And then from 1967 to 1970 maybe, the graph is flat. Well, not really flat; looks like it goes up by one pixel. But call it flat. So the flat-trend, that's Type 2 debt, where GDP and debt increase at the same rate. This is the debt that doesn't pay for itself, but at least it helps GDP go up.

All told, then, Grandfather Hodges' graph shows five or six years when we had Type 1 or Type 2 debt. Five or six years out of the whole 1957-2010 period when we did not have "bad" debt, based on our definitions above.

This is problematic.

Our Types-of-Debt list is reasonable, right? How about Grandfather's graph; is it wrong? No, it's not wrong:

Graph #6: TCMDO Debt relative to GDP (blue) and National Income (red)
The list we came up with, the four different types of debt, that list is very comforting, you know? It helps us understand the world. Or it seems to. But Grandfather Hodges' graph turns everything up-side down. The debt-to-GDP ratio only goes up.

If the Grandfather Hodges graph is right, and if our list of the types of debt is right, then our debt, public and private, has almost always been a problem. It has almost always been unproductive, Type 3 debt.

That doesn't really seem right, does it. And it's me saying it, the guy who always looks to debt first when there's a problem.

I know most people would rather be out of debt than in debt, but also, we all have our reasons for getting into debt. Is debt always unproductive? I think most people would say no. I think that's a good answer.

The graph is not wrong; debt goes up.

Out list of debt types is not wrong.

But we cannot interpret what the graph shows according to the list of types. How can this be?

I don't know. But here's what I think:

It's comforting to have a list like that, and it does make good sense. (I had a great time writing this post, working through Jazz and Nonny's comments, and coming up with that list of types of debt. I really did.) But it doesn't fit the data. It doesn't make sense when you look at the graph.

I know the graph is right.

I have to demote the list to a supporting role. A secondary role.

I'm left looking at a debt that is always growing faster than income, and I know it's a problem. I know not all that debt is unproductive; I know it in my heart. And I can't use the list to interpret that debt. So I have to demote the list to a tertiary role.

Ultimately, I'm left looking at all that debt, and I know it's a problem. So I say, just lump all the debt together, and figure it's bad when there's too much of it.

Sunday, October 27, 2013

At least he highlights the right part


In a recent post Nick Rowe quotes from the latest Bank of Canada report:
"Although the Bank considers the risks around its projected inflation path to be balanced, the fact that inflation has been persistently below target means that downside risks to inflation assume increasing importance. However, the Bank must also take into consideration the risk of exacerbating already-elevated household imbalances." (my bold)
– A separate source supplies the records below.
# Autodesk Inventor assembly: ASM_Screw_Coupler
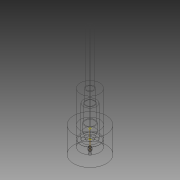
[picture p0: Inventor's stored thumbnail of the model, 180x180]
Saved by Autodesk Inventor 2011 SP2 (Build 150309200, 309)
## iProperties
Created: 2012-02-15
Part Number: ASM_Screw_Coupler
Document SubType Name: Assembly
Designer: sungwook
Author: sungwook
## Documents named in this file (6)
- C:\Users\sungwook\Documents\Inventor\Micron20\Assembly\ASM_Screw_Coupler.iam
- C:\Users\sungwook\Documents\Inventor\Micron20\Parts\Jigs\Screw_Asm_Jig_Lower.ipt
- C:\Users\sungwook\Documents\Inventor\Micron20\Parts\Jigs\Screw_Asm_Jig_Upper.ipt
- C:\Users\sungwook\Documents\Inventor\Micron20\Parts\Jigs\Collect_Jaw.ipt
- C:\Users\sungwook\Documents\Inventor\Micron20\Parts\Motor Units\MU_Motor_Coupling_3.ipt
- C:\Users\sungwook\Documents\Inventor\Micron20\Parts\Motor Units\MU_Motor_Thread.ipt
## Components (5 placed, 5 different names)
1. Screw_Asm_Jig_Lower:1 — Mate:1, Mate:2, Mate:7, Mate:8
2. Screw_Asm_Jig_Upper:1 — Mate:5, Mate:6, Mate:7, Mate:8, Flush:1
3. Collect_Jaw:1 — Mate:3, Mate:4, Mate:5, Mate:6, Flush:1
4. MU_Motor_Coupling_3:1 — Mate:1, Mate:2, Mate:9
5. MU_Motor_Thread:1 — Mate:3, Mate:4, Mate:9
## Relationships (10: Mate 9, Flush 1)
- Mate:1: Screw_Asm_Jig_Lower:1 ↔ MU_Motor_Coupling_3:1
- Mate:2: Screw_Asm_Jig_Lower:1 ↔ MU_Motor_Coupling_3:1
- Mate:3: Collect_Jaw:1 ↔ MU_Motor_Thread:1
- Mate:4: Collect_Jaw:1 ↔ MU_Motor_Thread:1
- Mate:5: Screw_Asm_Jig_Upper:1 ↔ Collect_Jaw:1
- Mate:6: Screw_Asm_Jig_Upper:1 ↔ Collect_Jaw:1
- Mate:7: Screw_Asm_Jig_Lower:1 ↔ Screw_Asm_Jig_Upper:1
- Mate:8: Screw_Asm_Jig_Lower:1 ↔ Screw_Asm_Jig_Upper:1
- Flush:1: Screw_Asm_Jig_Upper:1 ↔ Collect_Jaw:1
- Mate:9: MU_Motor_Coupling_3:1 ↔ MU_Motor_Thread:1
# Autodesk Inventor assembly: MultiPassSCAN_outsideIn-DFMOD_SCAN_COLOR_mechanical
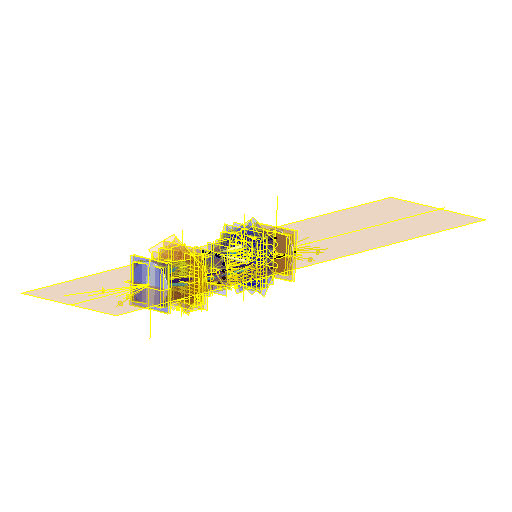
[picture p0: Inventor's stored thumbnail of the model, 512x512]
Saved by Autodesk Inventor 2026.1 (Build 301233000, 233)
## iProperties
Created: 2024-08-19
Part Number: MultiPassSCAN_outsideIn-DFMOD_SCAN_COLOR_mechanical
Document SubType Name: Assembly
Designer: User
Author: User
## Documents named in this file (16)
- C:\Users\farin012\Downloads\fig4\fig4\MultiPassSCAN_outsideIn-DFMOD_SCAN_COLOR_mechanical.iam
- C:\Users\farin012\Downloads\fig4\fig4\BB1-E02-Solidworks.ipt
- C:\Users\farin012\Downloads\fig4\fig4\LoopPlane1.ipt
- C:\Users\farin012\Downloads\fig4\fig4\LA1608-AB-Solidworks\LA1608-AB-2LOOP_grid.ipt
- C:\Users\farin012\Downloads\fig4\fig4\LOOP1_COLL.ipt
- C:\Users\farin012\Downloads\fig4\fig4\LOOP1_COLL_PREDEF1.ipt
- C:\Users\farin012\Downloads\fig4\fig4\deflection_plane.ipt
- C:\Users\farin012\Downloads\fig4\fig4\LOOP1_COLL_POSTDEF2.ipt
- C:\Users\farin012\Downloads\fig4\fig4\LOOP2_COLL_PREDEF1.ipt
- C:\Users\farin012\Downloads\fig4\fig4\LOOP2_COLL_POSTDEF2.ipt
- C:\Users\farin012\Downloads\fig4\fig4\LaserBeamEntry2_UNDEF.ipt
- C:\Users\farin012\Downloads\fig4\fig4\LaserBeamEntry2_LOOP1DEF2.ipt
- C:\Users\farin012\Downloads\fig4\fig4\LaserBeamEntry2_LOOP2DEF2.ipt
- C:\Users\farin012\Downloads\fig4\fig4\EntryMirror.ipt
- C:\Users\farin012\Downloads\fig4\fig4\ExitMirror.ipt
- C:\Users\farin012\Downloads\fig4\fig4\LaserBeamEntry2.ipt
## Components (28 placed, 15 different names)
1. BB1-E02-Solidworks:1 — Mate:115, Mate:125, Mate:126, Mate:127, Angle:6, Mate:128, Mate:147
2. BB1-E02-Solidworks:2 — Mate:233, Angle:9, Angle:10
3. LoopPlane1:1 — Mate:113
4. LA1608-AB-2LOOP_grid:1 — Flush:3, Mate:145, Mate:147, Mate:148, Mate:173, Mate:174, Mate:175, Mate:176, Mate:196, Flush:172, Mate:197, Flush:173, Mate:204, Flush:180, Mate:205, Flush:181
5. LA1608-AB-2LOOP_grid:2 — Flush:2, Mate:145, Mate:149, Mate:155, Mate:156, Mate:169, Mate:170, Mate:179, Mate:180, Mate:193, Mate:194, Mate:198, Flush:174, Mate:203, Flush:179, Mate:206, Flush:182, Mate:211, Flush:187
6. LOOP1_COLL:1 — Mate:125, Mate:126
7. LOOP1_COLL:2 — Mate:127, Mate:128
8. LOOP1_COLL_PREDEF1:1 — Mate:155, Mate:156
9. deflection_plane:1 — Mate:230, Flush:190, Angle:9
10. LOOP1_COLL_POSTDEF2:1 — Mate:169, Mate:170
11. LOOP2_COLL_PREDEF1:1 — Mate:173, Mate:174
12. LOOP2_COLL_PREDEF1:2 — Mate:175, Mate:176
13. LOOP2_COLL_PREDEF1:3 — Mate:179, Mate:180
14. LOOP2_COLL_POSTDEF2:1 — Mate:193, Mate:194
15. LaserBeamEntry2_UNDEF:1 — Mate:196, Flush:172, Mate:216, Mate:218, Mate:220, Mate:221
16. LaserBeamEntry2_UNDEF:2 — Mate:198, Flush:174
17. LaserBeamEntry2_UNDEF:3 — Mate:197, Flush:173
18. LaserBeamEntry2_LOOP1DEF2:1 — Mate:204, Flush:180
19. LaserBeamEntry2_LOOP1DEF2:2 — Mate:203, Flush:179
20. LaserBeamEntry2_LOOP1DEF2:3 — Mate:205, Flush:181
21. LaserBeamEntry2_LOOP1DEF2:4 — Mate:206, Flush:182
22. LaserBeamEntry2_LOOP2DEF2:1 — Mate:211, Flush:187, Mate:225
23. deflection_plane:2 — Mate:216, Mate:217, Mate:218, Mate:219, Mate:226
24. EntryMirror:1 — Mate:220, Angle:7, Mate:221, Mate:222, Flush:188
25. ExitMirror:1 — Mate:223, Mate:224, Mate:225, Flush:189
26. deflection_plane:3 — Mate:231, Angle:8
27. LaserBeamEntry2:1 — Mate:222, Flush:188
28. LaserBeamEntry2_LOOP2DEF2:2 — Mate:226, Flush:189
## Relationships (64: Mate 46, Flush 13, Angle 5)
- Mate:22
- Mate:23
- Mate:113: LoopPlane1:1
- Mate:115: BB1-E02-Solidworks:1
- Flush:2: LA1608-AB-2LOOP_grid:2
- Flush:3: LA1608-AB-2LOOP_grid:1
- Mate:125: BB1-E02-Solidworks:1 ↔ LOOP1_COLL:1
- Mate:126: BB1-E02-Solidworks:1 ↔ LOOP1_COLL:1
- Mate:127: BB1-E02-Solidworks:1 ↔ LOOP1_COLL:2
- Angle:6 (0 deg): BB1-E02-Solidworks:1
- Mate:128: BB1-E02-Solidworks:1 ↔ LOOP1_COLL:2
- Mate:145 (-50 mm): LA1608-AB-2LOOP_grid:1 ↔ LA1608-AB-2LOOP_grid:2
- Mate:147 (25 mm): BB1-E02-Solidworks:1 ↔ LA1608-AB-2LOOP_grid:1
- Mate:148: LA1608-AB-2LOOP_grid:1
- Mate:149: LA1608-AB-2LOOP_grid:2
- Mate:155: LA1608-AB-2LOOP_grid:2 ↔ LOOP1_COLL_PREDEF1:1
- Mate:156: LA1608-AB-2LOOP_grid:2 ↔ LOOP1_COLL_PREDEF1:1
- Mate:169: LA1608-AB-2LOOP_grid:2 ↔ LOOP1_COLL_POSTDEF2:1
- Mate:170: LA1608-AB-2LOOP_grid:2 ↔ LOOP1_COLL_POSTDEF2:1
- Mate:173: LA1608-AB-2LOOP_grid:1 ↔ LOOP2_COLL_PREDEF1:1
- Mate:174: LA1608-AB-2LOOP_grid:1 ↔ LOOP2_COLL_PREDEF1:1
- Mate:175: LA1608-AB-2LOOP_grid:1 ↔ LOOP2_COLL_PREDEF1:2
- Mate:176: LA1608-AB-2LOOP_grid:1 ↔ LOOP2_COLL_PREDEF1:2
- Mate:179: LA1608-AB-2LOOP_grid:2 ↔ LOOP2_COLL_PREDEF1:3
- Mate:180: LA1608-AB-2LOOP_grid:2 ↔ LOOP2_COLL_PREDEF1:3
- Mate:193: LA1608-AB-2LOOP_grid:2 ↔ LOOP2_COLL_POSTDEF2:1
- Mate:194: LA1608-AB-2LOOP_grid:2 ↔ LOOP2_COLL_POSTDEF2:1
- Mate:196: LA1608-AB-2LOOP_grid:1 ↔ LaserBeamEntry2_UNDEF:1
- Flush:172: LA1608-AB-2LOOP_grid:1 ↔ LaserBeamEntry2_UNDEF:1
- Mate:197: LA1608-AB-2LOOP_grid:1 ↔ LaserBeamEntry2_UNDEF:3
- Mate:198: LA1608-AB-2LOOP_grid:2 ↔ LaserBeamEntry2_UNDEF:2
- Flush:173: LA1608-AB-2LOOP_grid:1 ↔ LaserBeamEntry2_UNDEF:3
- Flush:174: LA1608-AB-2LOOP_grid:2 ↔ LaserBeamEntry2_UNDEF:2
- Mate:203: LA1608-AB-2LOOP_grid:2 ↔ LaserBeamEntry2_LOOP1DEF2:2
- Flush:179: LA1608-AB-2LOOP_grid:2 ↔ LaserBeamEntry2_LOOP1DEF2:2
- Mate:204: LA1608-AB-2LOOP_grid:1 ↔ LaserBeamEntry2_LOOP1DEF2:1
- Flush:180: LA1608-AB-2LOOP_grid:1 ↔ LaserBeamEntry2_LOOP1DEF2:1
- Mate:205: LA1608-AB-2LOOP_grid:1 ↔ LaserBeamEntry2_LOOP1DEF2:3
- Flush:181: LA1608-AB-2LOOP_grid:1 ↔ LaserBeamEntry2_LOOP1DEF2:3
- Mate:206: LA1608-AB-2LOOP_grid:2 ↔ LaserBeamEntry2_LOOP1DEF2:4
- Flush:182: LA1608-AB-2LOOP_grid:2 ↔ LaserBeamEntry2_LOOP1DEF2:4
- Mate:211: LA1608-AB-2LOOP_grid:2 ↔ LaserBeamEntry2_LOOP2DEF2:1
- Flush:187: LA1608-AB-2LOOP_grid:2 ↔ LaserBeamEntry2_LOOP2DEF2:1
- Mate:216: LaserBeamEntry2_UNDEF:1 ↔ deflection_plane:2
- Mate:217: deflection_plane:2
- Mate:218: LaserBeamEntry2_UNDEF:1 ↔ deflection_plane:2
- Mate:219: deflection_plane:2
- Mate:220: LaserBeamEntry2_UNDEF:1 ↔ EntryMirror:1
- Angle:7 (180 deg): EntryMirror:1
- Mate:221: LaserBeamEntry2_UNDEF:1 ↔ EntryMirror:1
- Mate:222: EntryMirror:1 ↔ LaserBeamEntry2:1
- Flush:188: EntryMirror:1 ↔ LaserBeamEntry2:1
- Mate:223: ExitMirror:1
- Mate:224: ExitMirror:1
- Mate:225: LaserBeamEntry2_LOOP2DEF2:1 ↔ ExitMirror:1
- Mate:226: deflection_plane:2 ↔ LaserBeamEntry2_LOOP2DEF2:2
- Flush:189: ExitMirror:1 ↔ LaserBeamEntry2_LOOP2DEF2:2
- Mate:230: deflection_plane:1
- Flush:190: deflection_plane:1
- Mate:231: deflection_plane:3
- Angle:8 (90 deg): deflection_plane:3
- Mate:233: BB1-E02-Solidworks:2
- Angle:9 (90 deg): BB1-E02-Solidworks:2 ↔ deflection_plane:1
- Angle:10 (175 deg): BB1-E02-Solidworks:2

(His bold.) Nick goes on to explain the bolded part:

Translation: "We would maybe like to cut interest rates to prevent inflation staying below target, but we are scared of doing this because it might cause some people to borrow too much..."

When the Bank of Canada refers to "already-elevated household imbalances" it means people have already borrowed too much and lowering interest rates more (according to Nick's translation) might cause people to borrow even more.

What problem does the Bank of Canada identify? Already-elevated household debt.

What problem does Nick Rowe overlook? Already-elevated household debt.

Nick's recommendation? "The best cure for 'easy money' is easier monetary policy". But Nick is not dealing with the problem. The problem is already-elevated household debt. Nick doesn't dispute it. He just argues around it, saying the Bank should lower interest rates and make money easier.

See how he takes the Bank's "elevated household imbalances" and reduces it to a problem of "some people"? If it was only "some" people who had borrowed too much, there wouldn't be a macroeconomic problem. Take out the word "some" and put in the word "most". While we're at it, take out "it might cause" some people to borrow too much, and use something less iffy: It has caused most people to borrow too much.

But it's probably not low interest rates that caused it. If Canada is anything like the US, it's all the encouragements to borrow built into the tax code and other policies. Things that don't even originate with the central bank.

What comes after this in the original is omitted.